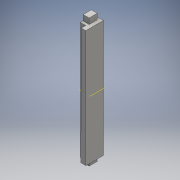
# Autodesk Inventor part: Lower Beam Support
Saved by Autodesk Inventor 2016 (Build 200138000, 138)
## iProperties
Created: 2016-03-08
Part Number: Lower Beam Support
Material: Generic
Document SubType Name: Modeling
Designer: Kenneth Daniel
Density: 1 g/cm^3
Appearance: Default
Mass: 26.8046 g
Surface Area: 91.3783 cm^2
Volume: 26.8046 cm^3
Author: Kenneth Daniel
Autodesk Inventor part; units mm, degrees
ref_plane "YZ Plane" through (0, 0, 0) normal (1, 0, 0) x (0, 1, 0)
ref_plane "XZ Plane" through (0, 0, 0) normal (0, 1, 0) x (-1, 0, 0)
ref_plane "XY Plane" through (0, 0, 0) normal (0, 0, 1) x (1, 0, 0)
sketch "Sketch1" plane through (0, 0, 0) normal (0, 0, 1) x (1, 0, 0)
  line L0 (-5.591, -7.5) -> (-5.591, 7.5)
  line L1 (-5.591, 7.5) -> (5.591, 7.5)
  line L2 (5.591, 7.5) -> (5.591, -7.5)
  line L3 (5.591, -7.5) -> (-5.591, -7.5)
  line L4 (-5.591, -7.5) -> (5.591, 7.5) construction
  line L5 (-5.591, 7.5) -> (5.591, -7.5) construction
  point P0 (0, 0)
  dimension "d0" = 15
  dimension "d1" = 11.182
  constraints: 12 end point, 2 midpoint, 2 parallel, 1 perpendicular, 1 vertical
  measures "d0" distance of L0.start L0.end
  measures "d1" distance of L0.end L1.end
extrude "Extrusion1" add sketch "Sketch1" along normal blind 133
sketch "Sketch2" plane through (0, 0, 133) normal (0, 0, 1) x (1, 0, 0)
  line L0 (-5.591, 7.5) -> (-5.591, -7.5) projected
  line L1 (-5.591, 0) -> (-5.591, -5)
  line L2 (-5.591, -5) -> (1.909, -5)
  line L3 (1.909, -5) -> (1.909, 5)
  line L4 (5.591, 7.5) -> (-5.591, 7.5) projected
  line L5 (1.909, 5) -> (-5.591, 5)
  line L6 (-5.591, 5) -> (-5.591, 0)
  point P0 (0, 0)
  dimension "d4" = 5
  dimension "d5" = 7.5
  dimension "d6" = 10
  dimension "d7" = 7.5
  constraints: 10 end point, 2 perpendicular, 2 point on line, 1 collinear, 1 midpoint
  measures "d4" distance of L1.start L1.end
  measures "d5" distance of L1.end L2.end
  measures "d6" distance of L2.end L3.end
  measures "d7" distance of L3.end L5.end
extrude "Extrusion2" add sketch "Sketch2" along normal blind 6.5
ref_plane "Work Plane1" through (0, 0, 66.5) normal (0, 0, 1) x (1, 0, 0)
mirror "Mirror1" about plane through (0, 0, 66.5) normal (0, 0, 1) of "Extrusion2"
sketch "Sketch3" plane through (-5.591, -7.5, 0) normal (0, -1, 0) x (1, 0, 0)
  line L0 (0, 133) -> (11.182, 133) projected
  line L1 (11.182, 133) -> (6.182, 133)
  line L2 (6.182, 133) -> (5.591, 0)
  line L3 (11.182, 0) -> (0, 0) projected
  line L4 (5.591, 0) -> (11.182, 0)
  line L5 (11.182, 0) -> (11.182, 133) projected
  line L6 (11.182, 0) -> (11.182, 133)
  line L7 (0, 0) -> (0, 133) projected
  dimension "d10" = 5
  constraints: 8 end point, 1 parallel, 1 point on line
  measures "d10" distance of L0.end L1.end
extrude "Extrusion3" add sketch "Sketch3" along normal blind 5 contours L0 L5 L3 L2
sketch "Sketch4" plane through (0, 0, 139.5) normal (0, 0, 1) x (1, 0, 0)
  line L0 (-5.591, 5) -> (-5.591, -5) projected
  line L1 (-5.591, -5) -> (1.909, -5) projected
  line L2 (1.909, -5) -> (1.909, 5) projected
  line L3 (1.909, 5) -> (-5.591, 5) projected
  line L4 (-5.191, -4.6) -> (-5.191, 4.6)
  line L5 (-5.191, 4.6) -> (1.509, 4.6)
  line L6 (1.509, 4.6) -> (1.509, -4.6)
  line L7 (1.509, -4.6) -> (-5.191, -4.6)
  point P0 (0, 0)
  dimension "d13" = 0.4
  constraints: 8 end point, 3 other
  measures "d13" distance between parallel lines of L0 L4
extrude "Extrusion4" cut sketch "Sketch4" against normal up to surface (6.5 mm away)
mirror "Mirror2" about plane through (0, 0, 66.5) normal (0, 0, 1) of "Extrusion4"
ref_plane "Work Plane2" through (0, 0, 66.5) normal (0, 0, 1) x (1, 0, 0)
body "Solid1"

------------

Reproducing the whole listing above is not the task. Copy exactly only the lines from the one with "line L4 (5.591, 7.5)" to the one with "line L6 (1.509, 4.6) -> (1.509, -4.6)", both kept.

  line L4 (5.591, 7.5) -> (-5.591, 7.5) projected
  line L5 (1.909, 5) -> (-5.591, 5)
  line L6 (-5.591, 5) -> (-5.591, 0)
  point P0 (0, 0)
  dimension "d4" = 5
  dimension "d5" = 7.5
  dimension "d6" = 10
  dimension "d7" = 7.5
  constraints: 10 end point, 2 perpendicular, 2 point on line, 1 collinear, 1 midpoint
  measures "d4" distance of L1.start L1.end
  measures "d5" distance of L1.end L2.end
  measures "d6" distance of L2.end L3.end
  measures "d7" distance of L3.end L5.end
extrude "Extrusion2" add sketch "Sketch2" along normal blind 6.5
ref_plane "Work Plane1" through (0, 0, 66.5) normal (0, 0, 1) x (1, 0, 0)
mirror "Mirror1" about plane through (0, 0, 66.5) normal (0, 0, 1) of "Extrusion2"
sketch "Sketch3" plane through (-5.591, -7.5, 0) normal (0, -1, 0) x (1, 0, 0)
  line L0 (0, 133) -> (11.182, 133) projected
  line L1 (11.182, 133) -> (6.182, 133)
  line L2 (6.182, 133) -> (5.591, 0)
  line L3 (11.182, 0) -> (0, 0) projected
  line L4 (5.591, 0) -> (11.182, 0)
  line L5 (11.182, 0) -> (11.182, 133) projected
  line L6 (11.182, 0) -> (11.182, 133)
  line L7 (0, 0) -> (0, 133) projected
  dimension "d10" = 5
  constraints: 8 end point, 1 parallel, 1 point on line
  measures "d10" distance of L0.end L1.end
extrude "Extrusion3" add sketch "Sketch3" along normal blind 5 contours L0 L5 L3 L2
sketch "Sketch4" plane through (0, 0, 139.5) normal (0, 0, 1) x (1, 0, 0)
  line L0 (-5.591, 5) -> (-5.591, -5) projected
  line L1 (-5.591, -5) -> (1.909, -5) projected
  line L2 (1.909, -5) -> (1.909, 5) projected
  line L3 (1.909, 5) -> (-5.591, 5) projected
  line L4 (-5.191, -4.6) -> (-5.191, 4.6)
  line L5 (-5.191, 4.6) -> (1.509, 4.6)
  line L6 (1.509, 4.6) -> (1.509, -4.6)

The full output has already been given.